- _How to complete this task_: Transcribe the entries below exactly from their first line through the line containing "#29=VERTEX_POINT('',#28);", and let no picture into the copy.

- _Exercise data_:

⟨

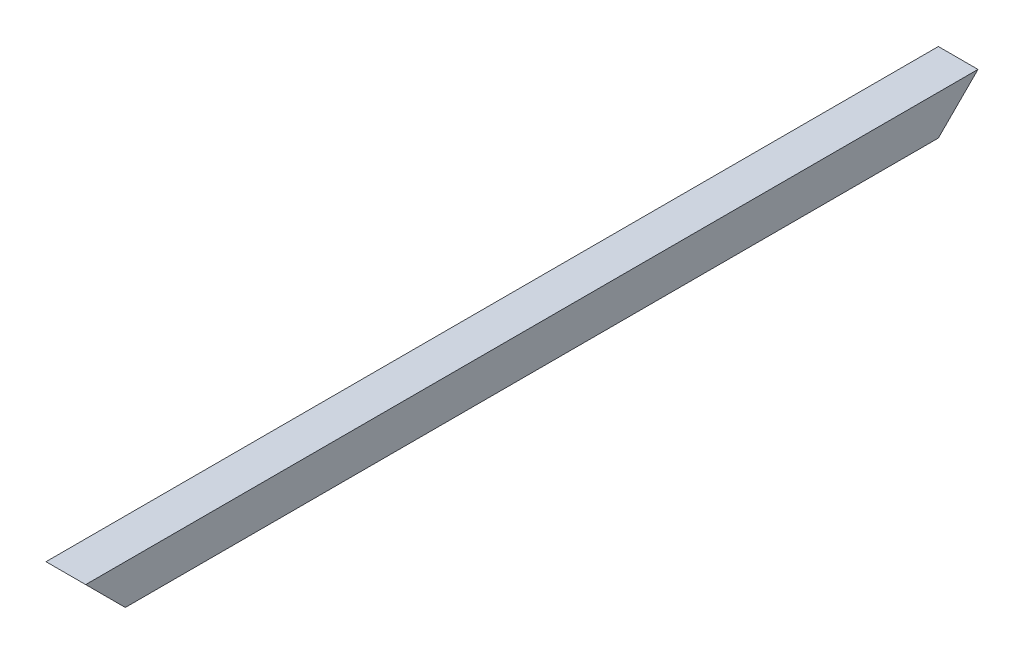
ISO-10303-21;
HEADER;
FILE_DESCRIPTION(('STEP AP214'),'2;1');
FILE_NAME('part.step','',(''),(''),'','','');
FILE_SCHEMA(('AUTOMOTIVE_DESIGN { 1 0 10303 214 1 1 1 1 }'));
ENDSEC;
DATA;
#1=APPLICATION_CONTEXT('core data for automotive mechanical design processes');
#2=APPLICATION_PROTOCOL_DEFINITION('international standard','automotive_design',2000,#1);
#3=PRODUCT_CONTEXT('',#1,'mechanical');
#4=PRODUCT('Part','Part','',(#3));
#5=PRODUCT_RELATED_PRODUCT_CATEGORY('part','',(#4));
#6=PRODUCT_DEFINITION_FORMATION('','',#4);
#7=PRODUCT_DEFINITION_CONTEXT('part definition',#1,'design');
#8=PRODUCT_DEFINITION('design','',#6,#7);
#9=PRODUCT_DEFINITION_SHAPE('','',#8);
#10=(LENGTH_UNIT() NAMED_UNIT(*) SI_UNIT(.MILLI.,.METRE.));
#11=(NAMED_UNIT(*) PLANE_ANGLE_UNIT() SI_UNIT($,.RADIAN.));
#12=(NAMED_UNIT(*) SI_UNIT($,.STERADIAN.) SOLID_ANGLE_UNIT());
#13=UNCERTAINTY_MEASURE_WITH_UNIT(LENGTH_MEASURE(1.E-05),#10,'distance_accuracy_value','');
#14=(GEOMETRIC_REPRESENTATION_CONTEXT(3) GLOBAL_UNCERTAINTY_ASSIGNED_CONTEXT((#13)) GLOBAL_UNIT_ASSIGNED_CONTEXT((#10,
#11,#12)) REPRESENTATION_CONTEXT('',''));
#15=CARTESIAN_POINT('',(0.,0.,0.));
#16=DIRECTION('',(0.,0.,1.));
#17=DIRECTION('',(1.,0.,0.));
#18=AXIS2_PLACEMENT_3D('',#15,#16,#17);
#19=CARTESIAN_POINT('',(-50.,-50.,1125.));
#20=DIRECTION('',(1.,0.,0.));
#21=DIRECTION('',(0.,0.,-1.));
#22=AXIS2_PLACEMENT_3D('',#19,#20,#21);
#23=PLANE('',#22);
#24=DIRECTION('',(0.,-0.707106781186555,0.70710678118654));
#25=VECTOR('',#24,1.);
#26=CARTESIAN_POINT('',(-50.,49.9999999999999,-1125.));
#27=LINE('',#26,#25);
#28=CARTESIAN_POINT('',(-50.,49.9999999999999,-1125.));
#29=VERTEX_POINT('',#28);
#30=CARTESIAN_POINT('',(-50.,-50.,-1025.));
#31=VERTEX_POINT('',#30);
#32=EDGE_CURVE('E97',#29,#31,#27,.T.);
#33=ORIENTED_EDGE('',*,*,#32,.T.);
#34=DIRECTION('',(0.,0.,-1.));
#35=VECTOR('',#34,1.);
#36=CARTESIAN_POINT('',(-50.,-50.,1125.));
#37=LINE('',#36,#35);
#38=CARTESIAN_POINT('',(-50.,-50.,1025.));
#39=VERTEX_POINT('',#38);
#40=EDGE_CURVE('E39',#39,#31,#37,.T.);
#41=ORIENTED_EDGE('',*,*,#40,.F.);
#42=DIRECTION('',(0.,0.707106781186539,0.707106781186556));
#43=VECTOR('',#42,1.);
#44=CARTESIAN_POINT('',(-50.,49.9999999999999,1125.));
#45=LINE('',#44,#43);
#46=CARTESIAN_POINT('',(-50.,49.9999999999999,1125.));
#47=VERTEX_POINT('',#46);
#48=EDGE_CURVE('E150',#39,#47,#45,.T.);
#49=ORIENTED_EDGE('',*,*,#48,.T.);
#50=DIRECTION('',(0.,0.,-1.));
#51=VECTOR('',#50,1.);
#52=CARTESIAN_POINT('',(-50.,49.9999999999999,1125.));
#53=LINE('',#52,#51);
#54=EDGE_CURVE('E112',#47,#29,#53,.T.);
#55=ORIENTED_EDGE('',*,*,#54,.T.);
#56=EDGE_LOOP('',(#33,#41,#49,#55));
#57=FACE_BOUND('',#56,.T.);
#58=ADVANCED_FACE('F32',(#57),#23,.F.);
#59=CARTESIAN_POINT('',(-50.,-50.,1125.));
#60=DIRECTION('',(0.,1.,0.));
#61=DIRECTION('',(0.,0.,1.));
#62=AXIS2_PLACEMENT_3D('',#59,#60,#61);
#63=PLANE('',#62);
#64=DIRECTION('',(-1.,0.,0.));
#65=VECTOR('',#64,1.);
#66=CARTESIAN_POINT('',(50.,-50.,-1025.));
#67=LINE('',#66,#65);
#68=CARTESIAN_POINT('',(50.,-50.,-1025.));
#69=VERTEX_POINT('',#68);
#70=EDGE_CURVE('E94',#69,#31,#67,.T.);
#71=ORIENTED_EDGE('',*,*,#70,.F.);
#72=DIRECTION('',(0.,0.,-1.));
#73=VECTOR('',#72,1.);
#74=CARTESIAN_POINT('',(50.,-50.,1125.));
#75=LINE('',#74,#73);
#76=CARTESIAN_POINT('',(50.,-50.,1025.));
#77=VERTEX_POINT('',#76);
#78=EDGE_CURVE('E117',#77,#69,#75,.T.);
#79=ORIENTED_EDGE('',*,*,#78,.F.);
#80=DIRECTION('',(-1.,0.,0.));
#81=VECTOR('',#80,1.);
#82=CARTESIAN_POINT('',(50.,-50.,1025.));
#83=LINE('',#82,#81);
#84=EDGE_CURVE('E116',#77,#39,#83,.T.);
#85=ORIENTED_EDGE('',*,*,#84,.T.);
#86=ORIENTED_EDGE('',*,*,#40,.T.);
#87=EDGE_LOOP('',(#71,#79,#85,#86));
#88=FACE_BOUND('',#87,.T.);
#89=ADVANCED_FACE('F115',(#88),#63,.F.);
#90=CARTESIAN_POINT('',(50.,-50.,1125.));
#91=DIRECTION('',(-1.,0.,0.));
#92=DIRECTION('',(0.,-1.,0.));
#93=AXIS2_PLACEMENT_3D('',#90,#91,#92);
#94=PLANE('',#93);
#95=DIRECTION('',(0.,-0.707106781186555,0.70710678118654));
#96=VECTOR('',#95,1.);
#97=CARTESIAN_POINT('',(50.,49.9999999999999,-1125.));
#98=LINE('',#97,#96);
#99=CARTESIAN_POINT('',(50.,49.9999999999999,-1125.));
#100=VERTEX_POINT('',#99);
#101=EDGE_CURVE('E100',#100,#69,#98,.T.);
#102=ORIENTED_EDGE('',*,*,#101,.F.);
#103=DIRECTION('',(0.,0.,-1.));
#104=VECTOR('',#103,1.);
#105=CARTESIAN_POINT('',(49.9999999999999,49.9999999999999,1125.));
#106=LINE('',#105,#104);
#107=CARTESIAN_POINT('',(49.9999999999999,49.9999999999999,1125.));
#108=VERTEX_POINT('',#107);
#109=EDGE_CURVE('E118',#108,#100,#106,.T.);
#110=ORIENTED_EDGE('',*,*,#109,.F.);
#111=DIRECTION('',(0.,0.707106781186539,0.707106781186556));
#112=VECTOR('',#111,1.);
#113=CARTESIAN_POINT('',(50.,49.9999999999999,1125.));
#114=LINE('',#113,#112);
#115=EDGE_CURVE('E148',#77,#108,#114,.T.);
#116=ORIENTED_EDGE('',*,*,#115,.F.);
#117=ORIENTED_EDGE('',*,*,#78,.T.);
#118=EDGE_LOOP('',(#102,#110,#116,#117));
#119=FACE_BOUND('',#118,.T.);
#120=ADVANCED_FACE('F185',(#119),#94,.F.);
#121=CARTESIAN_POINT('',(-45.,-45.,1125.));
#122=DIRECTION('',(1.,0.,0.));
#123=DIRECTION('',(0.,0.,-1.));
#124=AXIS2_PLACEMENT_3D('',#121,#122,#123);
#125=PLANE('',#124);
#126=DIRECTION('',(0.,0.,-1.));
#127=VECTOR('',#126,1.);
#128=CARTESIAN_POINT('',(-45.,-45.,1125.));
#129=LINE('',#128,#127);
#130=CARTESIAN_POINT('',(-45.,-45.,1030.));
#131=VERTEX_POINT('',#130);
#132=CARTESIAN_POINT('',(-45.,-45.,-1030.));
#133=VERTEX_POINT('',#132);
#134=EDGE_CURVE('E127',#131,#133,#129,.T.);
#135=ORIENTED_EDGE('',*,*,#134,.T.);
#136=DIRECTION('',(0.,0.707106781186555,-0.70710678118654));
#137=VECTOR('',#136,1.);
#138=CARTESIAN_POINT('',(-45.,-1122.5,47.4999999999761));
#139=LINE('',#138,#137);
#140=CARTESIAN_POINT('',(-45.,44.9999999999999,-1120.));
#141=VERTEX_POINT('',#140);
#142=EDGE_CURVE('E152',#133,#141,#139,.T.);
#143=ORIENTED_EDGE('',*,*,#142,.T.);
#144=DIRECTION('',(0.,0.,-1.));
#145=VECTOR('',#144,1.);
#146=CARTESIAN_POINT('',(-45.,44.9999999999999,1125.));
#147=LINE('',#146,#145);
#148=CARTESIAN_POINT('',(-45.,44.9999999999999,1120.));
#149=VERTEX_POINT('',#148);
#150=EDGE_CURVE('E137',#149,#141,#147,.T.);
#151=ORIENTED_EDGE('',*,*,#150,.F.);
#152=DIRECTION('',(0.,-0.707106781186539,-0.707106781186556));
#153=VECTOR('',#152,1.);
#154=CARTESIAN_POINT('',(-45.,2.50000000000105,1077.5));
#155=LINE('',#154,#153);
#156=EDGE_CURVE('E54',#149,#131,#155,.T.);
#157=ORIENTED_EDGE('',*,*,#156,.T.);
#158=EDGE_LOOP('',(#135,#143,#151,#157));
#159=FACE_BOUND('',#158,.T.);
#160=ADVANCED_FACE('F173',(#159),#125,.T.);
#161=CARTESIAN_POINT('',(-45.,-45.,1125.));
#162=DIRECTION('',(0.,1.,0.));
#163=DIRECTION('',(0.,0.,1.));
#164=AXIS2_PLACEMENT_3D('',#161,#162,#163);
#165=PLANE('',#164);
#166=DIRECTION('',(0.,0.,-1.));
#167=VECTOR('',#166,1.);
#168=CARTESIAN_POINT('',(45.,-45.,1125.));
#169=LINE('',#168,#167);
#170=CARTESIAN_POINT('',(45.,-45.,1030.));
#171=VERTEX_POINT('',#170);
#172=CARTESIAN_POINT('',(45.,-44.9999999999999,-1030.));
#173=VERTEX_POINT('',#172);
#174=EDGE_CURVE('E131',#171,#173,#169,.T.);
#175=ORIENTED_EDGE('',*,*,#174,.T.);
#176=DIRECTION('',(-1.,0.,0.));
#177=VECTOR('',#176,1.);
#178=CARTESIAN_POINT('',(-45.,-45.,-1030.));
#179=LINE('',#178,#177);
#180=EDGE_CURVE('E155',#173,#133,#179,.T.);
#181=ORIENTED_EDGE('',*,*,#180,.T.);
#182=ORIENTED_EDGE('',*,*,#134,.F.);
#183=DIRECTION('',(1.,0.,0.));
#184=VECTOR('',#183,1.);
#185=CARTESIAN_POINT('',(-45.,-45.,1030.));
#186=LINE('',#185,#184);
#187=EDGE_CURVE('E141',#131,#171,#186,.T.);
#188=ORIENTED_EDGE('',*,*,#187,.T.);
#189=EDGE_LOOP('',(#175,#181,#182,#188));
#190=FACE_BOUND('',#189,.T.);
#191=ADVANCED_FACE('F171',(#190),#165,.T.);
#192=CARTESIAN_POINT('',(45.,-45.,1125.));
#193=DIRECTION('',(-1.,0.,0.));
#194=DIRECTION('',(0.,-1.,0.));
#195=AXIS2_PLACEMENT_3D('',#192,#193,#194);
#196=PLANE('',#195);
#197=DIRECTION('',(0.,0.,-1.));
#198=VECTOR('',#197,1.);
#199=CARTESIAN_POINT('',(45.,44.9999999999999,1125.));
#200=LINE('',#199,#198);
#201=CARTESIAN_POINT('',(45.,44.9999999999999,1120.));
#202=VERTEX_POINT('',#201);
#203=CARTESIAN_POINT('',(45.,44.9999999999999,-1120.));
#204=VERTEX_POINT('',#203);
#205=EDGE_CURVE('E134',#202,#204,#200,.T.);
#206=ORIENTED_EDGE('',*,*,#205,.T.);
#207=DIRECTION('',(0.,-0.707106781186555,0.70710678118654));
#208=VECTOR('',#207,1.);
#209=CARTESIAN_POINT('',(45.0000000000007,-1122.5,47.4999999999761));
#210=LINE('',#209,#208);
#211=EDGE_CURVE('E46',#204,#173,#210,.T.);
#212=ORIENTED_EDGE('',*,*,#211,.T.);
#213=ORIENTED_EDGE('',*,*,#174,.F.);
#214=DIRECTION('',(0.,0.707106781186539,0.707106781186556));
#215=VECTOR('',#214,1.);
#216=CARTESIAN_POINT('',(45.,2.50000000000105,1077.5));
#217=LINE('',#216,#215);
#218=EDGE_CURVE('E144',#171,#202,#217,.T.);
#219=ORIENTED_EDGE('',*,*,#218,.T.);
#220=EDGE_LOOP('',(#206,#212,#213,#219));
#221=FACE_BOUND('',#220,.T.);
#222=ADVANCED_FACE('F165',(#221),#196,.T.);
#223=CARTESIAN_POINT('',(-45.,44.9999999999999,1125.));
#224=DIRECTION('',(0.,-1.,0.));
#225=DIRECTION('',(0.,0.,-1.));
#226=AXIS2_PLACEMENT_3D('',#223,#224,#225);
#227=PLANE('',#226);
#228=ORIENTED_EDGE('',*,*,#150,.T.);
#229=DIRECTION('',(1.,0.,0.));
#230=VECTOR('',#229,1.);
#231=CARTESIAN_POINT('',(-45.,44.9999999999999,-1120.));
#232=LINE('',#231,#230);
#233=EDGE_CURVE('E105',#141,#204,#232,.T.);
#234=ORIENTED_EDGE('',*,*,#233,.T.);
#235=ORIENTED_EDGE('',*,*,#205,.F.);
#236=DIRECTION('',(-1.,0.,0.));
#237=VECTOR('',#236,1.);
#238=CARTESIAN_POINT('',(-45.,44.9999999999999,1120.));
#239=LINE('',#238,#237);
#240=EDGE_CURVE('E11',#202,#149,#239,.T.);
#241=ORIENTED_EDGE('',*,*,#240,.T.);
#242=EDGE_LOOP('',(#228,#234,#235,#241));
#243=FACE_BOUND('',#242,.T.);
#244=ADVANCED_FACE('F162',(#243),#227,.T.);
#245=CARTESIAN_POINT('',(-50.,49.9999999999999,1125.));
#246=DIRECTION('',(0.,-1.,0.));
#247=DIRECTION('',(0.,0.,-1.));
#248=AXIS2_PLACEMENT_3D('',#245,#246,#247);
#249=PLANE('',#248);
#250=DIRECTION('',(-1.,0.,0.));
#251=VECTOR('',#250,1.);
#252=CARTESIAN_POINT('',(-50.,49.9999999999999,-1125.));
#253=LINE('',#252,#251);
#254=EDGE_CURVE('E125',#100,#29,#253,.T.);
#255=ORIENTED_EDGE('',*,*,#254,.T.);
#256=ORIENTED_EDGE('',*,*,#54,.F.);
#257=DIRECTION('',(-1.,0.,0.));
#258=VECTOR('',#257,1.);
#259=CARTESIAN_POINT('',(-50.,49.9999999999999,1125.));
#260=LINE('',#259,#258);
#261=EDGE_CURVE('E124',#108,#47,#260,.T.);
#262=ORIENTED_EDGE('',*,*,#261,.F.);
#263=ORIENTED_EDGE('',*,*,#109,.T.);
#264=EDGE_LOOP('',(#255,#256,#262,#263));
#265=FACE_BOUND('',#264,.T.);
#266=ADVANCED_FACE('F179',(#265),#249,.F.);
#267=CARTESIAN_POINT('',(50.,49.9999999999999,1125.));
#268=DIRECTION('',(0.,-0.707106781186556,0.707106781186539));
#269=DIRECTION('',(0.,-0.707106781186539,-0.707106781186556));
#270=AXIS2_PLACEMENT_3D('',#267,#268,#269);
#271=PLANE('',#270);
#272=ORIENTED_EDGE('',*,*,#240,.F.);
#273=ORIENTED_EDGE('',*,*,#218,.F.);
#274=ORIENTED_EDGE('',*,*,#187,.F.);
#275=ORIENTED_EDGE('',*,*,#156,.F.);
#276=EDGE_LOOP('',(#272,#273,#274,#275));
#277=FACE_BOUND('',#276,.T.);
#278=ORIENTED_EDGE('',*,*,#84,.F.);
#279=ORIENTED_EDGE('',*,*,#115,.T.);
#280=ORIENTED_EDGE('',*,*,#261,.T.);
#281=ORIENTED_EDGE('',*,*,#48,.F.);
#282=EDGE_LOOP('',(#278,#279,#280,#281));
#283=FACE_BOUND('',#282,.T.);
#284=ADVANCED_FACE('F167',(#277,#283),#271,.T.);
#285=CARTESIAN_POINT('',(50.,49.9999999999999,-1125.));
#286=DIRECTION('',(0.,-0.70710678118654,-0.707106781186555));
#287=DIRECTION('',(0.,0.707106781186555,-0.70710678118654));
#288=AXIS2_PLACEMENT_3D('',#285,#286,#287);
#289=PLANE('',#288);
#290=ORIENTED_EDGE('',*,*,#180,.F.);
#291=ORIENTED_EDGE('',*,*,#211,.F.);
#292=ORIENTED_EDGE('',*,*,#233,.F.);
#293=ORIENTED_EDGE('',*,*,#142,.F.);
#294=EDGE_LOOP('',(#290,#291,#292,#293));
#295=FACE_BOUND('',#294,.T.);
#296=ORIENTED_EDGE('',*,*,#254,.F.);
#297=ORIENTED_EDGE('',*,*,#101,.T.);
#298=ORIENTED_EDGE('',*,*,#70,.T.);
#299=ORIENTED_EDGE('',*,*,#32,.F.);
#300=EDGE_LOOP('',(#296,#297,#298,#299));
#301=FACE_BOUND('',#300,.T.);
#302=ADVANCED_FACE('F96',(#295,#301),#289,.T.);
#303=CLOSED_SHELL('',(#58,#89,#120,#160,#191,#222,#244,#266,#284,#302));
#304=MANIFOLD_SOLID_BREP('B2',#303);
#305=ADVANCED_BREP_SHAPE_REPRESENTATION('',(#18,#304),#14);
#306=SHAPE_DEFINITION_REPRESENTATION(#9,#305);
ENDSEC;
END-ISO-10303-21;

⟩

- _Solution_:
ISO-10303-21;
HEADER;
FILE_DESCRIPTION(('STEP AP214'),'2;1');
FILE_NAME('part.step','',(''),(''),'','','');
FILE_SCHEMA(('AUTOMOTIVE_DESIGN { 1 0 10303 214 1 1 1 1 }'));
ENDSEC;
DATA;
#1=APPLICATION_CONTEXT('core data for automotive mechanical design processes');
#2=APPLICATION_PROTOCOL_DEFINITION('international standard','automotive_design',2000,#1);
#3=PRODUCT_CONTEXT('',#1,'mechanical');
#4=PRODUCT('Part','Part','',(#3));
#5=PRODUCT_RELATED_PRODUCT_CATEGORY('part','',(#4));
#6=PRODUCT_DEFINITION_FORMATION('','',#4);
#7=PRODUCT_DEFINITION_CONTEXT('part definition',#1,'design');
#8=PRODUCT_DEFINITION('design','',#6,#7);
#9=PRODUCT_DEFINITION_SHAPE('','',#8);
#10=(LENGTH_UNIT() NAMED_UNIT(*) SI_UNIT(.MILLI.,.METRE.));
#11=(NAMED_UNIT(*) PLANE_ANGLE_UNIT() SI_UNIT($,.RADIAN.));
#12=(NAMED_UNIT(*) SI_UNIT($,.STERADIAN.) SOLID_ANGLE_UNIT());
#13=UNCERTAINTY_MEASURE_WITH_UNIT(LENGTH_MEASURE(1.E-05),#10,'distance_accuracy_value','');
#14=(GEOMETRIC_REPRESENTATION_CONTEXT(3) GLOBAL_UNCERTAINTY_ASSIGNED_CONTEXT((#13)) GLOBAL_UNIT_ASSIGNED_CONTEXT((#10,
#11,#12)) REPRESENTATION_CONTEXT('',''));
#15=CARTESIAN_POINT('',(0.,0.,0.));
#16=DIRECTION('',(0.,0.,1.));
#17=DIRECTION('',(1.,0.,0.));
#18=AXIS2_PLACEMENT_3D('',#15,#16,#17);
#19=CARTESIAN_POINT('',(-50.,-50.,1125.));
#20=DIRECTION('',(1.,0.,0.));
#21=DIRECTION('',(0.,0.,-1.));
#22=AXIS2_PLACEMENT_3D('',#19,#20,#21);
#23=PLANE('',#22);
#24=DIRECTION('',(0.,-0.707106781186555,0.70710678118654));
#25=VECTOR('',#24,1.);
#26=CARTESIAN_POINT('',(-50.,49.9999999999999,-1125.));
#27=LINE('',#26,#25);
#28=CARTESIAN_POINT('',(-50.,49.9999999999999,-1125.));
#29=VERTEX_POINT('',#28);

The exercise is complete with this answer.